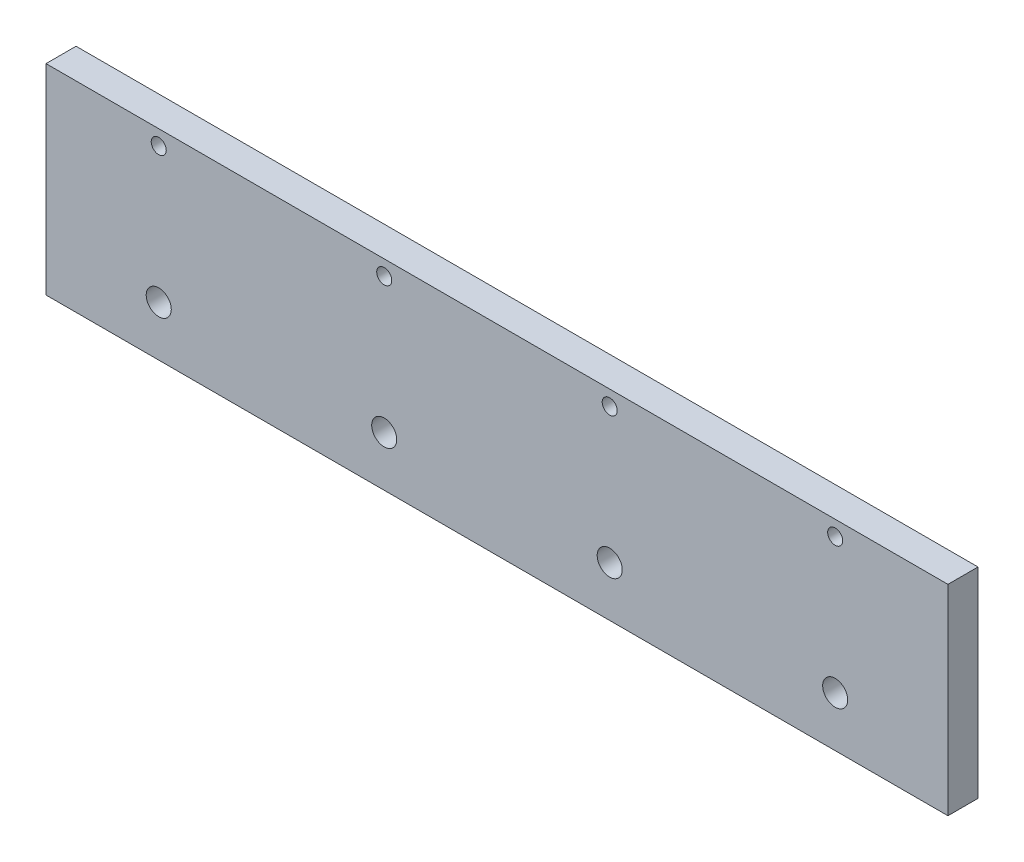
ISO-10303-21;
HEADER;
FILE_DESCRIPTION(('STEP AP214'),'2;1');
FILE_NAME('part.step','',(''),(''),'','','');
FILE_SCHEMA(('AUTOMOTIVE_DESIGN { 1 0 10303 214 1 1 1 1 }'));
ENDSEC;
DATA;
#1=APPLICATION_CONTEXT('core data for automotive mechanical design processes');
#2=APPLICATION_PROTOCOL_DEFINITION('international standard','automotive_design',2000,#1);
#3=PRODUCT_CONTEXT('',#1,'mechanical');
#4=PRODUCT('Part','Part','',(#3));
#5=PRODUCT_RELATED_PRODUCT_CATEGORY('part','',(#4));
#6=PRODUCT_DEFINITION_FORMATION('','',#4);
#7=PRODUCT_DEFINITION_CONTEXT('part definition',#1,'design');
#8=PRODUCT_DEFINITION('design','',#6,#7);
#9=PRODUCT_DEFINITION_SHAPE('','',#8);
#10=(LENGTH_UNIT() NAMED_UNIT(*) SI_UNIT(.MILLI.,.METRE.));
#11=(NAMED_UNIT(*) PLANE_ANGLE_UNIT() SI_UNIT($,.RADIAN.));
#12=(NAMED_UNIT(*) SI_UNIT($,.STERADIAN.) SOLID_ANGLE_UNIT());
#13=UNCERTAINTY_MEASURE_WITH_UNIT(LENGTH_MEASURE(1.E-05),#10,'distance_accuracy_value','');
#14=(GEOMETRIC_REPRESENTATION_CONTEXT(3) GLOBAL_UNCERTAINTY_ASSIGNED_CONTEXT((#13)) GLOBAL_UNIT_ASSIGNED_CONTEXT((#10,
#11,#12)) REPRESENTATION_CONTEXT('',''));
#15=CARTESIAN_POINT('',(0.,0.,0.));
#16=DIRECTION('',(0.,0.,1.));
#17=DIRECTION('',(1.,0.,0.));
#18=AXIS2_PLACEMENT_3D('',#15,#16,#17);
#19=CARTESIAN_POINT('',(180.,-40.,12.));
#20=DIRECTION('',(-1.,0.,0.));
#21=DIRECTION('',(0.,0.,1.));
#22=AXIS2_PLACEMENT_3D('',#19,#20,#21);
#23=PLANE('',#22);
#24=DIRECTION('',(0.,1.,0.));
#25=VECTOR('',#24,1.);
#26=CARTESIAN_POINT('',(180.,-40.,0.));
#27=LINE('',#26,#25);
#28=CARTESIAN_POINT('',(180.,-40.,0.));
#29=VERTEX_POINT('',#28);
#30=CARTESIAN_POINT('',(180.,40.,0.));
#31=VERTEX_POINT('',#30);
#32=EDGE_CURVE('E101',#29,#31,#27,.T.);
#33=ORIENTED_EDGE('',*,*,#32,.T.);
#34=DIRECTION('',(0.,0.,-1.));
#35=VECTOR('',#34,1.);
#36=CARTESIAN_POINT('',(180.,40.,12.));
#37=LINE('',#36,#35);
#38=CARTESIAN_POINT('',(180.,40.,12.));
#39=VERTEX_POINT('',#38);
#40=EDGE_CURVE('E92',#39,#31,#37,.T.);
#41=ORIENTED_EDGE('',*,*,#40,.F.);
#42=DIRECTION('',(0.,1.,0.));
#43=VECTOR('',#42,1.);
#44=CARTESIAN_POINT('',(180.,-40.,12.));
#45=LINE('',#44,#43);
#46=CARTESIAN_POINT('',(180.,-40.,12.));
#47=VERTEX_POINT('',#46);
#48=EDGE_CURVE('E86',#47,#39,#45,.T.);
#49=ORIENTED_EDGE('',*,*,#48,.F.);
#50=DIRECTION('',(0.,0.,-1.));
#51=VECTOR('',#50,1.);
#52=CARTESIAN_POINT('',(180.,-40.,12.));
#53=LINE('',#52,#51);
#54=EDGE_CURVE('E97',#47,#29,#53,.T.);
#55=ORIENTED_EDGE('',*,*,#54,.T.);
#56=EDGE_LOOP('',(#33,#41,#49,#55));
#57=FACE_BOUND('',#56,.T.);
#58=ADVANCED_FACE('F32',(#57),#23,.F.);
#59=CARTESIAN_POINT('',(-180.,40.,12.));
#60=DIRECTION('',(0.,-1.,0.));
#61=DIRECTION('',(0.,0.,-1.));
#62=AXIS2_PLACEMENT_3D('',#59,#60,#61);
#63=PLANE('',#62);
#64=DIRECTION('',(-1.,0.,0.));
#65=VECTOR('',#64,1.);
#66=CARTESIAN_POINT('',(-180.,40.,0.));
#67=LINE('',#66,#65);
#68=CARTESIAN_POINT('',(-180.,40.,0.));
#69=VERTEX_POINT('',#68);
#70=EDGE_CURVE('E91',#31,#69,#67,.T.);
#71=ORIENTED_EDGE('',*,*,#70,.T.);
#72=DIRECTION('',(0.,0.,-1.));
#73=VECTOR('',#72,1.);
#74=CARTESIAN_POINT('',(-180.,40.,12.));
#75=LINE('',#74,#73);
#76=CARTESIAN_POINT('',(-180.,40.,12.));
#77=VERTEX_POINT('',#76);
#78=EDGE_CURVE('E89',#77,#69,#75,.T.);
#79=ORIENTED_EDGE('',*,*,#78,.F.);
#80=DIRECTION('',(-1.,0.,0.));
#81=VECTOR('',#80,1.);
#82=CARTESIAN_POINT('',(-180.,40.,12.));
#83=LINE('',#82,#81);
#84=EDGE_CURVE('E80',#39,#77,#83,.T.);
#85=ORIENTED_EDGE('',*,*,#84,.F.);
#86=ORIENTED_EDGE('',*,*,#40,.T.);
#87=EDGE_LOOP('',(#71,#79,#85,#86));
#88=FACE_BOUND('',#87,.T.);
#89=ADVANCED_FACE('F90',(#88),#63,.F.);
#90=CARTESIAN_POINT('',(-180.,-40.,12.));
#91=DIRECTION('',(1.,0.,0.));
#92=DIRECTION('',(0.,0.,-1.));
#93=AXIS2_PLACEMENT_3D('',#90,#91,#92);
#94=PLANE('',#93);
#95=DIRECTION('',(0.,-1.,0.));
#96=VECTOR('',#95,1.);
#97=CARTESIAN_POINT('',(-180.,-40.,0.));
#98=LINE('',#97,#96);
#99=CARTESIAN_POINT('',(-180.,-40.,0.));
#100=VERTEX_POINT('',#99);
#101=EDGE_CURVE('E66',#69,#100,#98,.T.);
#102=ORIENTED_EDGE('',*,*,#101,.T.);
#103=DIRECTION('',(0.,0.,-1.));
#104=VECTOR('',#103,1.);
#105=CARTESIAN_POINT('',(-180.,-40.,12.));
#106=LINE('',#105,#104);
#107=CARTESIAN_POINT('',(-180.,-40.,12.));
#108=VERTEX_POINT('',#107);
#109=EDGE_CURVE('E93',#108,#100,#106,.T.);
#110=ORIENTED_EDGE('',*,*,#109,.F.);
#111=DIRECTION('',(0.,-1.,0.));
#112=VECTOR('',#111,1.);
#113=CARTESIAN_POINT('',(-180.,-40.,12.));
#114=LINE('',#113,#112);
#115=EDGE_CURVE('E84',#77,#108,#114,.T.);
#116=ORIENTED_EDGE('',*,*,#115,.F.);
#117=ORIENTED_EDGE('',*,*,#78,.T.);
#118=EDGE_LOOP('',(#102,#110,#116,#117));
#119=FACE_BOUND('',#118,.T.);
#120=ADVANCED_FACE('F95',(#119),#94,.F.);
#121=CARTESIAN_POINT('',(-180.,-40.,12.));
#122=DIRECTION('',(0.,1.,0.));
#123=DIRECTION('',(0.,0.,1.));
#124=AXIS2_PLACEMENT_3D('',#121,#122,#123);
#125=PLANE('',#124);
#126=DIRECTION('',(1.,0.,0.));
#127=VECTOR('',#126,1.);
#128=CARTESIAN_POINT('',(-180.,-40.,0.));
#129=LINE('',#128,#127);
#130=EDGE_CURVE('E72',#100,#29,#129,.T.);
#131=ORIENTED_EDGE('',*,*,#130,.T.);
#132=ORIENTED_EDGE('',*,*,#54,.F.);
#133=DIRECTION('',(1.,0.,0.));
#134=VECTOR('',#133,1.);
#135=CARTESIAN_POINT('',(-180.,-40.,12.));
#136=LINE('',#135,#134);
#137=EDGE_CURVE('E49',#108,#47,#136,.T.);
#138=ORIENTED_EDGE('',*,*,#137,.F.);
#139=ORIENTED_EDGE('',*,*,#109,.T.);
#140=EDGE_LOOP('',(#131,#132,#138,#139));
#141=FACE_BOUND('',#140,.T.);
#142=ADVANCED_FACE('F139',(#141),#125,.F.);
#143=CARTESIAN_POINT('',(180.,40.,12.));
#144=DIRECTION('',(0.,0.,-1.));
#145=DIRECTION('',(-1.,0.,0.));
#146=AXIS2_PLACEMENT_3D('',#143,#144,#145);
#147=PLANE('',#146);
#148=CARTESIAN_POINT('',(-45.,34.,12.));
#149=DIRECTION('',(0.,0.,1.));
#150=DIRECTION('',(1.,0.,0.));
#151=AXIS2_PLACEMENT_3D('',#148,#149,#150);
#152=CIRCLE('',#151,2.99999999999999);
#153=CARTESIAN_POINT('',(-42.,34.,12.));
#154=VERTEX_POINT('',#153);
#155=EDGE_CURVE('E222',#154,#154,#152,.T.);
#156=ORIENTED_EDGE('',*,*,#155,.F.);
#157=EDGE_LOOP('',(#156));
#158=FACE_BOUND('',#157,.T.);
#159=CARTESIAN_POINT('',(-45.,-20.,12.));
#160=DIRECTION('',(0.,0.,1.));
#161=DIRECTION('',(1.,0.,0.));
#162=AXIS2_PLACEMENT_3D('',#159,#160,#161);
#163=CIRCLE('',#162,4.99999999999999);
#164=CARTESIAN_POINT('',(-40.,-20.,12.));
#165=VERTEX_POINT('',#164);
#166=EDGE_CURVE('E214',#165,#165,#163,.T.);
#167=ORIENTED_EDGE('',*,*,#166,.F.);
#168=EDGE_LOOP('',(#167));
#169=FACE_BOUND('',#168,.T.);
#170=CARTESIAN_POINT('',(-135.,-20.,12.));
#171=DIRECTION('',(0.,0.,1.));
#172=DIRECTION('',(1.,0.,0.));
#173=AXIS2_PLACEMENT_3D('',#170,#171,#172);
#174=CIRCLE('',#173,4.99999999999999);
#175=CARTESIAN_POINT('',(-130.,-20.,12.));
#176=VERTEX_POINT('',#175);
#177=EDGE_CURVE('E208',#176,#176,#174,.T.);
#178=ORIENTED_EDGE('',*,*,#177,.F.);
#179=EDGE_LOOP('',(#178));
#180=FACE_BOUND('',#179,.T.);
#181=CARTESIAN_POINT('',(-135.,34.,12.));
#182=DIRECTION('',(0.,0.,1.));
#183=DIRECTION('',(1.,0.,0.));
#184=AXIS2_PLACEMENT_3D('',#181,#182,#183);
#185=CIRCLE('',#184,2.99999999999999);
#186=CARTESIAN_POINT('',(-132.,34.,12.));
#187=VERTEX_POINT('',#186);
#188=EDGE_CURVE('E104',#187,#187,#185,.T.);
#189=ORIENTED_EDGE('',*,*,#188,.F.);
#190=EDGE_LOOP('',(#189));
#191=FACE_BOUND('',#190,.T.);
#192=ORIENTED_EDGE('',*,*,#48,.T.);
#193=ORIENTED_EDGE('',*,*,#84,.T.);
#194=ORIENTED_EDGE('',*,*,#115,.T.);
#195=ORIENTED_EDGE('',*,*,#137,.T.);
#196=EDGE_LOOP('',(#192,#193,#194,#195));
#197=FACE_BOUND('',#196,.T.);
#198=CARTESIAN_POINT('',(45.,-20.,12.));
#199=DIRECTION('',(0.,0.,1.));
#200=DIRECTION('',(1.,0.,0.));
#201=AXIS2_PLACEMENT_3D('',#198,#199,#200);
#202=CIRCLE('',#201,4.99999999999999);
#203=CARTESIAN_POINT('',(50.,-20.,12.));
#204=VERTEX_POINT('',#203);
#205=EDGE_CURVE('E114',#204,#204,#202,.T.);
#206=ORIENTED_EDGE('',*,*,#205,.F.);
#207=EDGE_LOOP('',(#206));
#208=FACE_BOUND('',#207,.T.);
#209=CARTESIAN_POINT('',(135.,-20.,12.));
#210=DIRECTION('',(0.,0.,1.));
#211=DIRECTION('',(1.,0.,0.));
#212=AXIS2_PLACEMENT_3D('',#209,#210,#211);
#213=CIRCLE('',#212,4.99999999999999);
#214=CARTESIAN_POINT('',(140.,-20.,12.));
#215=VERTEX_POINT('',#214);
#216=EDGE_CURVE('E120',#215,#215,#213,.T.);
#217=ORIENTED_EDGE('',*,*,#216,.F.);
#218=EDGE_LOOP('',(#217));
#219=FACE_BOUND('',#218,.T.);
#220=CARTESIAN_POINT('',(45.,34.,12.));
#221=DIRECTION('',(0.,0.,1.));
#222=DIRECTION('',(1.,0.,0.));
#223=AXIS2_PLACEMENT_3D('',#220,#221,#222);
#224=CIRCLE('',#223,2.99999999999999);
#225=CARTESIAN_POINT('',(48.,34.,12.));
#226=VERTEX_POINT('',#225);
#227=EDGE_CURVE('E126',#226,#226,#224,.T.);
#228=ORIENTED_EDGE('',*,*,#227,.F.);
#229=EDGE_LOOP('',(#228));
#230=FACE_BOUND('',#229,.T.);
#231=CARTESIAN_POINT('',(135.,34.,12.));
#232=DIRECTION('',(0.,0.,1.));
#233=DIRECTION('',(1.,0.,0.));
#234=AXIS2_PLACEMENT_3D('',#231,#232,#233);
#235=CIRCLE('',#234,2.99999999999999);
#236=CARTESIAN_POINT('',(138.,34.,12.));
#237=VERTEX_POINT('',#236);
#238=EDGE_CURVE('E11',#237,#237,#235,.T.);
#239=ORIENTED_EDGE('',*,*,#238,.F.);
#240=EDGE_LOOP('',(#239));
#241=FACE_BOUND('',#240,.T.);
#242=ADVANCED_FACE('F81',(#158,#169,#180,#191,#197,#208,#219,#230,#241),#147,.F.);
#243=CARTESIAN_POINT('',(180.,40.,0.));
#244=DIRECTION('',(0.,0.,-1.));
#245=DIRECTION('',(-1.,0.,0.));
#246=AXIS2_PLACEMENT_3D('',#243,#244,#245);
#247=PLANE('',#246);
#248=CARTESIAN_POINT('',(-45.,34.,0.));
#249=DIRECTION('',(0.,0.,-1.));
#250=DIRECTION('',(-1.,0.,0.));
#251=AXIS2_PLACEMENT_3D('',#248,#249,#250);
#252=CIRCLE('',#251,2.99999999999999);
#253=CARTESIAN_POINT('',(-48.,34.,0.));
#254=VERTEX_POINT('',#253);
#255=EDGE_CURVE('E225',#254,#254,#252,.F.);
#256=ORIENTED_EDGE('',*,*,#255,.T.);
#257=EDGE_LOOP('',(#256));
#258=FACE_BOUND('',#257,.T.);
#259=CARTESIAN_POINT('',(-45.,-20.,0.));
#260=DIRECTION('',(0.,0.,-1.));
#261=DIRECTION('',(-1.,0.,0.));
#262=AXIS2_PLACEMENT_3D('',#259,#260,#261);
#263=CIRCLE('',#262,4.99999999999999);
#264=CARTESIAN_POINT('',(-50.,-20.,0.));
#265=VERTEX_POINT('',#264);
#266=EDGE_CURVE('E219',#265,#265,#263,.F.);
#267=ORIENTED_EDGE('',*,*,#266,.T.);
#268=EDGE_LOOP('',(#267));
#269=FACE_BOUND('',#268,.T.);
#270=CARTESIAN_POINT('',(-135.,-20.,0.));
#271=DIRECTION('',(0.,0.,-1.));
#272=DIRECTION('',(-1.,0.,0.));
#273=AXIS2_PLACEMENT_3D('',#270,#271,#272);
#274=CIRCLE('',#273,4.99999999999999);
#275=CARTESIAN_POINT('',(-140.,-20.,0.));
#276=VERTEX_POINT('',#275);
#277=EDGE_CURVE('E211',#276,#276,#274,.F.);
#278=ORIENTED_EDGE('',*,*,#277,.T.);
#279=EDGE_LOOP('',(#278));
#280=FACE_BOUND('',#279,.T.);
#281=CARTESIAN_POINT('',(-135.,34.,0.));
#282=DIRECTION('',(0.,0.,-1.));
#283=DIRECTION('',(-1.,0.,0.));
#284=AXIS2_PLACEMENT_3D('',#281,#282,#283);
#285=CIRCLE('',#284,2.99999999999999);
#286=CARTESIAN_POINT('',(-138.,34.,0.));
#287=VERTEX_POINT('',#286);
#288=EDGE_CURVE('E203',#287,#287,#285,.F.);
#289=ORIENTED_EDGE('',*,*,#288,.T.);
#290=EDGE_LOOP('',(#289));
#291=FACE_BOUND('',#290,.T.);
#292=ORIENTED_EDGE('',*,*,#32,.F.);
#293=ORIENTED_EDGE('',*,*,#130,.F.);
#294=ORIENTED_EDGE('',*,*,#101,.F.);
#295=ORIENTED_EDGE('',*,*,#70,.F.);
#296=EDGE_LOOP('',(#292,#293,#294,#295));
#297=FACE_BOUND('',#296,.T.);
#298=CARTESIAN_POINT('',(45.,-20.,0.));
#299=DIRECTION('',(0.,0.,-1.));
#300=DIRECTION('',(-1.,0.,0.));
#301=AXIS2_PLACEMENT_3D('',#298,#299,#300);
#302=CIRCLE('',#301,4.99999999999999);
#303=CARTESIAN_POINT('',(40.,-20.,0.));
#304=VERTEX_POINT('',#303);
#305=EDGE_CURVE('E111',#304,#304,#302,.F.);
#306=ORIENTED_EDGE('',*,*,#305,.T.);
#307=EDGE_LOOP('',(#306));
#308=FACE_BOUND('',#307,.T.);
#309=CARTESIAN_POINT('',(135.,-20.,0.));
#310=DIRECTION('',(0.,0.,-1.));
#311=DIRECTION('',(-1.,0.,0.));
#312=AXIS2_PLACEMENT_3D('',#309,#310,#311);
#313=CIRCLE('',#312,4.99999999999999);
#314=CARTESIAN_POINT('',(130.,-20.,0.));
#315=VERTEX_POINT('',#314);
#316=EDGE_CURVE('E117',#315,#315,#313,.F.);
#317=ORIENTED_EDGE('',*,*,#316,.T.);
#318=EDGE_LOOP('',(#317));
#319=FACE_BOUND('',#318,.T.);
#320=CARTESIAN_POINT('',(45.,34.,0.));
#321=DIRECTION('',(0.,0.,-1.));
#322=DIRECTION('',(-1.,0.,0.));
#323=AXIS2_PLACEMENT_3D('',#320,#321,#322);
#324=CIRCLE('',#323,2.99999999999999);
#325=CARTESIAN_POINT('',(42.,34.,0.));
#326=VERTEX_POINT('',#325);
#327=EDGE_CURVE('E123',#326,#326,#324,.F.);
#328=ORIENTED_EDGE('',*,*,#327,.T.);
#329=EDGE_LOOP('',(#328));
#330=FACE_BOUND('',#329,.T.);
#331=CARTESIAN_POINT('',(135.,34.,0.));
#332=DIRECTION('',(0.,0.,-1.));
#333=DIRECTION('',(-1.,0.,0.));
#334=AXIS2_PLACEMENT_3D('',#331,#332,#333);
#335=CIRCLE('',#334,2.99999999999999);
#336=CARTESIAN_POINT('',(132.,34.,0.));
#337=VERTEX_POINT('',#336);
#338=EDGE_CURVE('E41',#337,#337,#335,.F.);
#339=ORIENTED_EDGE('',*,*,#338,.T.);
#340=EDGE_LOOP('',(#339));
#341=FACE_BOUND('',#340,.T.);
#342=ADVANCED_FACE('F131',(#258,#269,#280,#291,#297,#308,#319,#330,#341),#247,.T.);
#343=CARTESIAN_POINT('',(-135.,34.,-0.000999999999999265));
#344=DIRECTION('',(0.,0.,1.));
#345=DIRECTION('',(1.,0.,0.));
#346=AXIS2_PLACEMENT_3D('',#343,#344,#345);
#347=CYLINDRICAL_SURFACE('',#346,2.99999999999999);
#348=ORIENTED_EDGE('',*,*,#288,.F.);
#349=EDGE_LOOP('',(#348));
#350=FACE_BOUND('',#349,.T.);
#351=ORIENTED_EDGE('',*,*,#188,.T.);
#352=EDGE_LOOP('',(#351));
#353=FACE_BOUND('',#352,.T.);
#354=ADVANCED_FACE('F146',(#350,#353),#347,.F.);
#355=CARTESIAN_POINT('',(-135.,-20.,-0.000999999999999265));
#356=DIRECTION('',(0.,0.,1.));
#357=DIRECTION('',(1.,0.,0.));
#358=AXIS2_PLACEMENT_3D('',#355,#356,#357);
#359=CYLINDRICAL_SURFACE('',#358,4.99999999999999);
#360=ORIENTED_EDGE('',*,*,#277,.F.);
#361=EDGE_LOOP('',(#360));
#362=FACE_BOUND('',#361,.T.);
#363=ORIENTED_EDGE('',*,*,#177,.T.);
#364=EDGE_LOOP('',(#363));
#365=FACE_BOUND('',#364,.T.);
#366=ADVANCED_FACE('F191',(#362,#365),#359,.F.);
#367=CARTESIAN_POINT('',(-45.,-20.,-0.000999999999999265));
#368=DIRECTION('',(0.,0.,1.));
#369=DIRECTION('',(1.,0.,0.));
#370=AXIS2_PLACEMENT_3D('',#367,#368,#369);
#371=CYLINDRICAL_SURFACE('',#370,4.99999999999999);
#372=ORIENTED_EDGE('',*,*,#266,.F.);
#373=EDGE_LOOP('',(#372));
#374=FACE_BOUND('',#373,.T.);
#375=ORIENTED_EDGE('',*,*,#166,.T.);
#376=EDGE_LOOP('',(#375));
#377=FACE_BOUND('',#376,.T.);
#378=ADVANCED_FACE('F167',(#374,#377),#371,.F.);
#379=CARTESIAN_POINT('',(45.,-20.,-0.000999999999999265));
#380=DIRECTION('',(0.,0.,1.));
#381=DIRECTION('',(1.,0.,0.));
#382=AXIS2_PLACEMENT_3D('',#379,#380,#381);
#383=CYLINDRICAL_SURFACE('',#382,4.99999999999999);
#384=ORIENTED_EDGE('',*,*,#305,.F.);
#385=EDGE_LOOP('',(#384));
#386=FACE_BOUND('',#385,.T.);
#387=ORIENTED_EDGE('',*,*,#205,.T.);
#388=EDGE_LOOP('',(#387));
#389=FACE_BOUND('',#388,.T.);
#390=ADVANCED_FACE('F163',(#386,#389),#383,.F.);
#391=CARTESIAN_POINT('',(135.,-20.,-0.000999999999999265));
#392=DIRECTION('',(0.,0.,1.));
#393=DIRECTION('',(1.,0.,0.));
#394=AXIS2_PLACEMENT_3D('',#391,#392,#393);
#395=CYLINDRICAL_SURFACE('',#394,4.99999999999999);
#396=ORIENTED_EDGE('',*,*,#316,.F.);
#397=EDGE_LOOP('',(#396));
#398=FACE_BOUND('',#397,.T.);
#399=ORIENTED_EDGE('',*,*,#216,.T.);
#400=EDGE_LOOP('',(#399));
#401=FACE_BOUND('',#400,.T.);
#402=ADVANCED_FACE('F166',(#398,#401),#395,.F.);
#403=CARTESIAN_POINT('',(-45.,34.,-0.000999999999999265));
#404=DIRECTION('',(0.,0.,1.));
#405=DIRECTION('',(1.,0.,0.));
#406=AXIS2_PLACEMENT_3D('',#403,#404,#405);
#407=CYLINDRICAL_SURFACE('',#406,2.99999999999999);
#408=ORIENTED_EDGE('',*,*,#255,.F.);
#409=EDGE_LOOP('',(#408));
#410=FACE_BOUND('',#409,.T.);
#411=ORIENTED_EDGE('',*,*,#155,.T.);
#412=EDGE_LOOP('',(#411));
#413=FACE_BOUND('',#412,.T.);
#414=ADVANCED_FACE('F170',(#410,#413),#407,.F.);
#415=CARTESIAN_POINT('',(45.,34.,-0.000999999999999265));
#416=DIRECTION('',(0.,0.,1.));
#417=DIRECTION('',(1.,0.,0.));
#418=AXIS2_PLACEMENT_3D('',#415,#416,#417);
#419=CYLINDRICAL_SURFACE('',#418,2.99999999999999);
#420=ORIENTED_EDGE('',*,*,#327,.F.);
#421=EDGE_LOOP('',(#420));
#422=FACE_BOUND('',#421,.T.);
#423=ORIENTED_EDGE('',*,*,#227,.T.);
#424=EDGE_LOOP('',(#423));
#425=FACE_BOUND('',#424,.T.);
#426=ADVANCED_FACE('F135',(#422,#425),#419,.F.);
#427=CARTESIAN_POINT('',(135.,34.,-0.000999999999999265));
#428=DIRECTION('',(0.,0.,1.));
#429=DIRECTION('',(1.,0.,0.));
#430=AXIS2_PLACEMENT_3D('',#427,#428,#429);
#431=CYLINDRICAL_SURFACE('',#430,2.99999999999999);
#432=ORIENTED_EDGE('',*,*,#338,.F.);
#433=EDGE_LOOP('',(#432));
#434=FACE_BOUND('',#433,.T.);
#435=ORIENTED_EDGE('',*,*,#238,.T.);
#436=EDGE_LOOP('',(#435));
#437=FACE_BOUND('',#436,.T.);
#438=ADVANCED_FACE('F34',(#434,#437),#431,.F.);
#439=CLOSED_SHELL('',(#58,#89,#120,#142,#242,#342,#354,#366,#378,#390,#402,#414,#426,#438));
#440=MANIFOLD_SOLID_BREP('B2',#439);
#441=ADVANCED_BREP_SHAPE_REPRESENTATION('',(#18,#440),#14);
#442=SHAPE_DEFINITION_REPRESENTATION(#9,#441);
ENDSEC;
END-ISO-10303-21;

# [Task]
Your task is to restate, word for word, only those lines above that fall between the line holding "#221=DIRECTION('',(0.,0.,1.));" and the line holding "#231=CARTESIAN_POINT('',(135.,34.,12.));", inclusive.

# [Answer box]
#221=DIRECTION('',(0.,0.,1.));
#222=DIRECTION('',(1.,0.,0.));
#223=AXIS2_PLACEMENT_3D('',#220,#221,#222);
#224=CIRCLE('',#223,2.99999999999999);
#225=CARTESIAN_POINT('',(48.,34.,12.));
#226=VERTEX_POINT('',#225);
#227=EDGE_CURVE('E126',#226,#226,#224,.T.);
#228=ORIENTED_EDGE('',*,*,#227,.F.);
#229=EDGE_LOOP('',(#228));
#230=FACE_BOUND('',#229,.T.);
#231=CARTESIAN_POINT('',(135.,34.,12.));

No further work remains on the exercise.